- Exercise requirements: Quote exactly the lines running from the line with "IndidualGrad6/1(Grad) -> Mux/7" to the end of the entries, including both, and nothing else.

- Provided data:
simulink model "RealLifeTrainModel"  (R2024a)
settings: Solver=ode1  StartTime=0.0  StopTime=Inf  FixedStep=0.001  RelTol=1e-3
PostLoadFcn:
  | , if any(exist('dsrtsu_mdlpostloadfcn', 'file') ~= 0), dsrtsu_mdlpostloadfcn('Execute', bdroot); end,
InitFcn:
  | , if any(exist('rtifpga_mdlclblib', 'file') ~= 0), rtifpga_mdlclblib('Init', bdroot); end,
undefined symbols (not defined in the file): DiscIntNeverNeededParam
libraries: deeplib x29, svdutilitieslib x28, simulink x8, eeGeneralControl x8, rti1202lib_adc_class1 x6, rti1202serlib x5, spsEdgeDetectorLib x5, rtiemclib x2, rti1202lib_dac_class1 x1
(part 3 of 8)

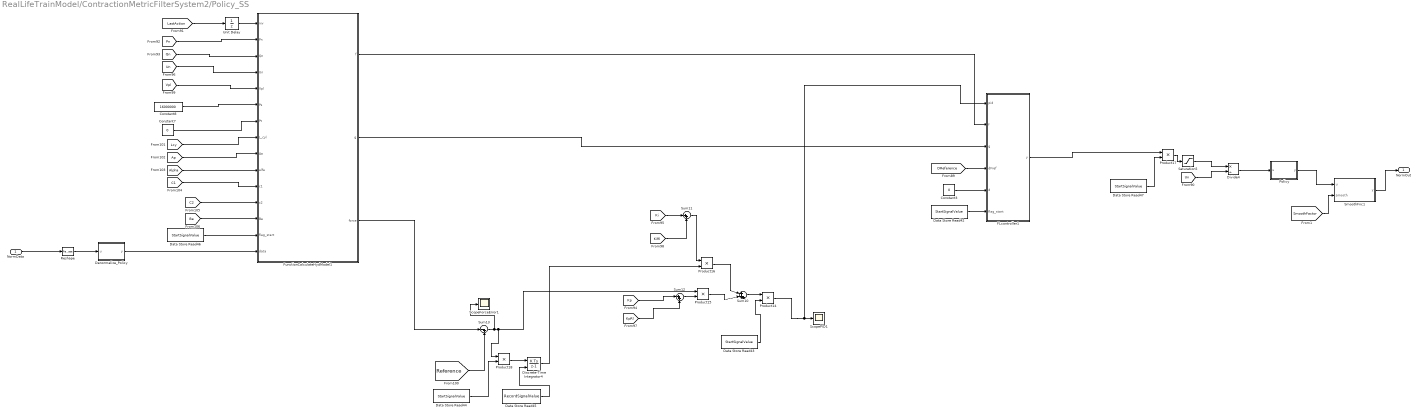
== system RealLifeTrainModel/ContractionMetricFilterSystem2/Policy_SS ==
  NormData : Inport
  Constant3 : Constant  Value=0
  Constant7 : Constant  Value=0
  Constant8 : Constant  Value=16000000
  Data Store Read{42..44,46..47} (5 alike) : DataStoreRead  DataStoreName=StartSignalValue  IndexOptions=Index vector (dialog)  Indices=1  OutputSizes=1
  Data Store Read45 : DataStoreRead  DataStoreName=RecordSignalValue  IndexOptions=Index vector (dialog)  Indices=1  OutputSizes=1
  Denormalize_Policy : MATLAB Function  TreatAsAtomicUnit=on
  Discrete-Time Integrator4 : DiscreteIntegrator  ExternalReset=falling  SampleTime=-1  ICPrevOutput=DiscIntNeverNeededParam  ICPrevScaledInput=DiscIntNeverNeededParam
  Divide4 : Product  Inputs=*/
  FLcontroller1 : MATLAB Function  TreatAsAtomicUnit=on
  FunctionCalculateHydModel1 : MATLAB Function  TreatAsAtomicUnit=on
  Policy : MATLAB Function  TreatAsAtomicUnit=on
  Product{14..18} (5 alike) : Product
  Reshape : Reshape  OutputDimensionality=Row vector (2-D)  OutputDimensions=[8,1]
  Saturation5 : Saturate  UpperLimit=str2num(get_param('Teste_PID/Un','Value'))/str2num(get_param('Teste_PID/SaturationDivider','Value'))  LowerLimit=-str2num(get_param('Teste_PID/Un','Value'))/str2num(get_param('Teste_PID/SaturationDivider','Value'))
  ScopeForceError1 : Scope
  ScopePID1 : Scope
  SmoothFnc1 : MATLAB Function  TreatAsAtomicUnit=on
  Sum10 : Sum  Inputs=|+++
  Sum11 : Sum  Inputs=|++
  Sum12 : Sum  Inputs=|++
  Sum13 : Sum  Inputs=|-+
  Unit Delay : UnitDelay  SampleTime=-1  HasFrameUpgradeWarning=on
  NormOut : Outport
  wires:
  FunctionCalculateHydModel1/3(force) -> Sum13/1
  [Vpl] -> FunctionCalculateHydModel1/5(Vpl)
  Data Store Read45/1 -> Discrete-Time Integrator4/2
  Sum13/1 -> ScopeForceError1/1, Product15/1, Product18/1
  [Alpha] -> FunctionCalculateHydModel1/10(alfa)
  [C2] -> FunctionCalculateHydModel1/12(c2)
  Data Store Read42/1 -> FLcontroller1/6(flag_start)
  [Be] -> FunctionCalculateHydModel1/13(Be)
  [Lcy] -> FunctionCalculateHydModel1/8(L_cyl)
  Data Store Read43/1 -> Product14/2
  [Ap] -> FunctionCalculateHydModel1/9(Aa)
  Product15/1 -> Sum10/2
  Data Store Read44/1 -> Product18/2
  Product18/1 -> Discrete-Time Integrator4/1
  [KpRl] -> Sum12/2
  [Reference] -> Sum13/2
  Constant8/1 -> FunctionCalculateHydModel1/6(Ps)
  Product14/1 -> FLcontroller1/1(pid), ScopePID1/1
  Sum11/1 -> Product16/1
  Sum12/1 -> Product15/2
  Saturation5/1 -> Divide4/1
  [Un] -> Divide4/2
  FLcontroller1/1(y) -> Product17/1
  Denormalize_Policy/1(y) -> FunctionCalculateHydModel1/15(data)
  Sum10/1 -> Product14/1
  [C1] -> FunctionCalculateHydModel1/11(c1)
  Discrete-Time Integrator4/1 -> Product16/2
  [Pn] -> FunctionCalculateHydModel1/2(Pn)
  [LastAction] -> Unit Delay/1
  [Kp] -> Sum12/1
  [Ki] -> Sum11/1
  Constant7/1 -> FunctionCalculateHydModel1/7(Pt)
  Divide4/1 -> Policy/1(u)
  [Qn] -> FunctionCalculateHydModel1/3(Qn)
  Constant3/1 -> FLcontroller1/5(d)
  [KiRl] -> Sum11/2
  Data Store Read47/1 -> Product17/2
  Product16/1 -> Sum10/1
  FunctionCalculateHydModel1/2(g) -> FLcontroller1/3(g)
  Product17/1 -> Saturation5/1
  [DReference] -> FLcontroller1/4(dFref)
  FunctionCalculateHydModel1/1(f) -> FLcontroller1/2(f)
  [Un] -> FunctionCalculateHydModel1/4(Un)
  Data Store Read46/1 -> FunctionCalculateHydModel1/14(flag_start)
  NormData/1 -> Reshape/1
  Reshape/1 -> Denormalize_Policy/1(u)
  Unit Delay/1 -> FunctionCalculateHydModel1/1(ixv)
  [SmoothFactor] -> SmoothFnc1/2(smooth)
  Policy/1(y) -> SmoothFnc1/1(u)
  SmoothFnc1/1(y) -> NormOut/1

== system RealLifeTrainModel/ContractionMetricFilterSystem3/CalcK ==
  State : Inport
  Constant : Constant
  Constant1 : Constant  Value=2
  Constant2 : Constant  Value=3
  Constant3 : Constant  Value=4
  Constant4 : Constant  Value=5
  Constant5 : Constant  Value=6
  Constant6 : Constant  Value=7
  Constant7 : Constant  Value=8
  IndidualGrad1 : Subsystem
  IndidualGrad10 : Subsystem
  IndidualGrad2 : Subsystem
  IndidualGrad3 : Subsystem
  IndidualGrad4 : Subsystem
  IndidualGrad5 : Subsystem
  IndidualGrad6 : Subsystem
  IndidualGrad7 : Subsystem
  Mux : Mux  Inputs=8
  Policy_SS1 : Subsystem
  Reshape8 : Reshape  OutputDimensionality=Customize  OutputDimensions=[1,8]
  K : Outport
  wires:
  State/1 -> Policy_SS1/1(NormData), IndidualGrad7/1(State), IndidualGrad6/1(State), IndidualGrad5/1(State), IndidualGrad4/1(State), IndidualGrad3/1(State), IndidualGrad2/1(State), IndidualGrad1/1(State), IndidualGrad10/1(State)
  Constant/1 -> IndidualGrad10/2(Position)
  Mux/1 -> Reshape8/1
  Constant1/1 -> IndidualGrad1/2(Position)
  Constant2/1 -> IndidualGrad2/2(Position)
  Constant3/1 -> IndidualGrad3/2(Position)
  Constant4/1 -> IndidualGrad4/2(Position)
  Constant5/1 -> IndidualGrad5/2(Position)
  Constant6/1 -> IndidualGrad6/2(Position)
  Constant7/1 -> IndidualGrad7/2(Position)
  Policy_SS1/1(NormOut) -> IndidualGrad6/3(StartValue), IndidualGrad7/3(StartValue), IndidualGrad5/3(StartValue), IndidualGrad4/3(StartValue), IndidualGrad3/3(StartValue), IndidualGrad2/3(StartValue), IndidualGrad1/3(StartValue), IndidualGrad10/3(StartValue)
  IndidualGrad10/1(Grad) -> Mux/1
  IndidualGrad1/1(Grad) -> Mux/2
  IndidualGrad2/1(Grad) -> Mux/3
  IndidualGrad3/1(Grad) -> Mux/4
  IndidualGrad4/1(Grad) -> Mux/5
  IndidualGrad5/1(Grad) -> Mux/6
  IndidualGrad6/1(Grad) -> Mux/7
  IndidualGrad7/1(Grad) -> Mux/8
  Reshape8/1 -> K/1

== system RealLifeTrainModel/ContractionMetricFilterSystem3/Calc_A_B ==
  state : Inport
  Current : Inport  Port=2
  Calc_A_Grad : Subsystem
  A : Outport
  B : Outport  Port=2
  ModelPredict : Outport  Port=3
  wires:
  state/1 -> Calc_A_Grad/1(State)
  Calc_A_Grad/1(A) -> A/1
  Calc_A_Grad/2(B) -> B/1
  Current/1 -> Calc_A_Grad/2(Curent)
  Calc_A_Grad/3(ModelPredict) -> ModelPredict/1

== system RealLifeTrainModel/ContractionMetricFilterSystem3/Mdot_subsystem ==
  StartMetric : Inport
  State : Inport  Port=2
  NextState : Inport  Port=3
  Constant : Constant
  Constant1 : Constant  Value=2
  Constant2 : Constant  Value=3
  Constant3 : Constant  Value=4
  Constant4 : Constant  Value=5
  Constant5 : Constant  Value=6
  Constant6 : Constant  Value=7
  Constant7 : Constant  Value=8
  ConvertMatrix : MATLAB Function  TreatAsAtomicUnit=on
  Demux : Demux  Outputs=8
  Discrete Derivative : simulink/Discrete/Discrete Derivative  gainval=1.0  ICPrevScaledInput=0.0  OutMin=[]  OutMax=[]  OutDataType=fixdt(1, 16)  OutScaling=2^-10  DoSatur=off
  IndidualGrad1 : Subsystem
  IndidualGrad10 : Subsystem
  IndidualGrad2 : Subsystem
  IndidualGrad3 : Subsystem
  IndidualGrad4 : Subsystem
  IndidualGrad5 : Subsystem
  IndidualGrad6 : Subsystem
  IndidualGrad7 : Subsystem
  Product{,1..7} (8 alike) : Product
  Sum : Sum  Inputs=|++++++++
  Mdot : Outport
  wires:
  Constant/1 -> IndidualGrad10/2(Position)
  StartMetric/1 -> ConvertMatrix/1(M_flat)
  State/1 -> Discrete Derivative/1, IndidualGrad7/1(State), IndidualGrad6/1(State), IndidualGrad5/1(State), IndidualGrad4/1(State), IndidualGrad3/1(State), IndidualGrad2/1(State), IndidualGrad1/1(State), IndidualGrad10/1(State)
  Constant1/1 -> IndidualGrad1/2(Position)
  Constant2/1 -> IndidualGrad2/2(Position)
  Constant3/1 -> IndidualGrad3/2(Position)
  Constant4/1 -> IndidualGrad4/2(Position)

- Response to this exercise:
  IndidualGrad6/1(Grad) -> Mux/7
  IndidualGrad7/1(Grad) -> Mux/8
  Reshape8/1 -> K/1

== system RealLifeTrainModel/ContractionMetricFilterSystem3/Calc_A_B ==
  state : Inport
  Current : Inport  Port=2
  Calc_A_Grad : Subsystem
  A : Outport
  B : Outport  Port=2
  ModelPredict : Outport  Port=3
  wires:
  state/1 -> Calc_A_Grad/1(State)
  Calc_A_Grad/1(A) -> A/1
  Calc_A_Grad/2(B) -> B/1
  Current/1 -> Calc_A_Grad/2(Curent)
  Calc_A_Grad/3(ModelPredict) -> ModelPredict/1

== system RealLifeTrainModel/ContractionMetricFilterSystem3/Mdot_subsystem ==
  StartMetric : Inport
  State : Inport  Port=2
  NextState : Inport  Port=3
  Constant : Constant
  Constant1 : Constant  Value=2
  Constant2 : Constant  Value=3
  Constant3 : Constant  Value=4
  Constant4 : Constant  Value=5
  Constant5 : Constant  Value=6
  Constant6 : Constant  Value=7
  Constant7 : Constant  Value=8
  ConvertMatrix : MATLAB Function  TreatAsAtomicUnit=on
  Demux : Demux  Outputs=8
  Discrete Derivative : simulink/Discrete/Discrete Derivative  gainval=1.0  ICPrevScaledInput=0.0  OutMin=[]  OutMax=[]  OutDataType=fixdt(1, 16)  OutScaling=2^-10  DoSatur=off
  IndidualGrad1 : Subsystem
  IndidualGrad10 : Subsystem
  IndidualGrad2 : Subsystem
  IndidualGrad3 : Subsystem
  IndidualGrad4 : Subsystem
  IndidualGrad5 : Subsystem
  IndidualGrad6 : Subsystem
  IndidualGrad7 : Subsystem
  Product{,1..7} (8 alike) : Product
  Sum : Sum  Inputs=|++++++++
  Mdot : Outport
  wires:
  Constant/1 -> IndidualGrad10/2(Position)
  StartMetric/1 -> ConvertMatrix/1(M_flat)
  State/1 -> Discrete Derivative/1, IndidualGrad7/1(State), IndidualGrad6/1(State), IndidualGrad5/1(State), IndidualGrad4/1(State), IndidualGrad3/1(State), IndidualGrad2/1(State), IndidualGrad1/1(State), IndidualGrad10/1(State)
  Constant1/1 -> IndidualGrad1/2(Position)
  Constant2/1 -> IndidualGrad2/2(Position)
  Constant3/1 -> IndidualGrad3/2(Position)
  Constant4/1 -> IndidualGrad4/2(Position)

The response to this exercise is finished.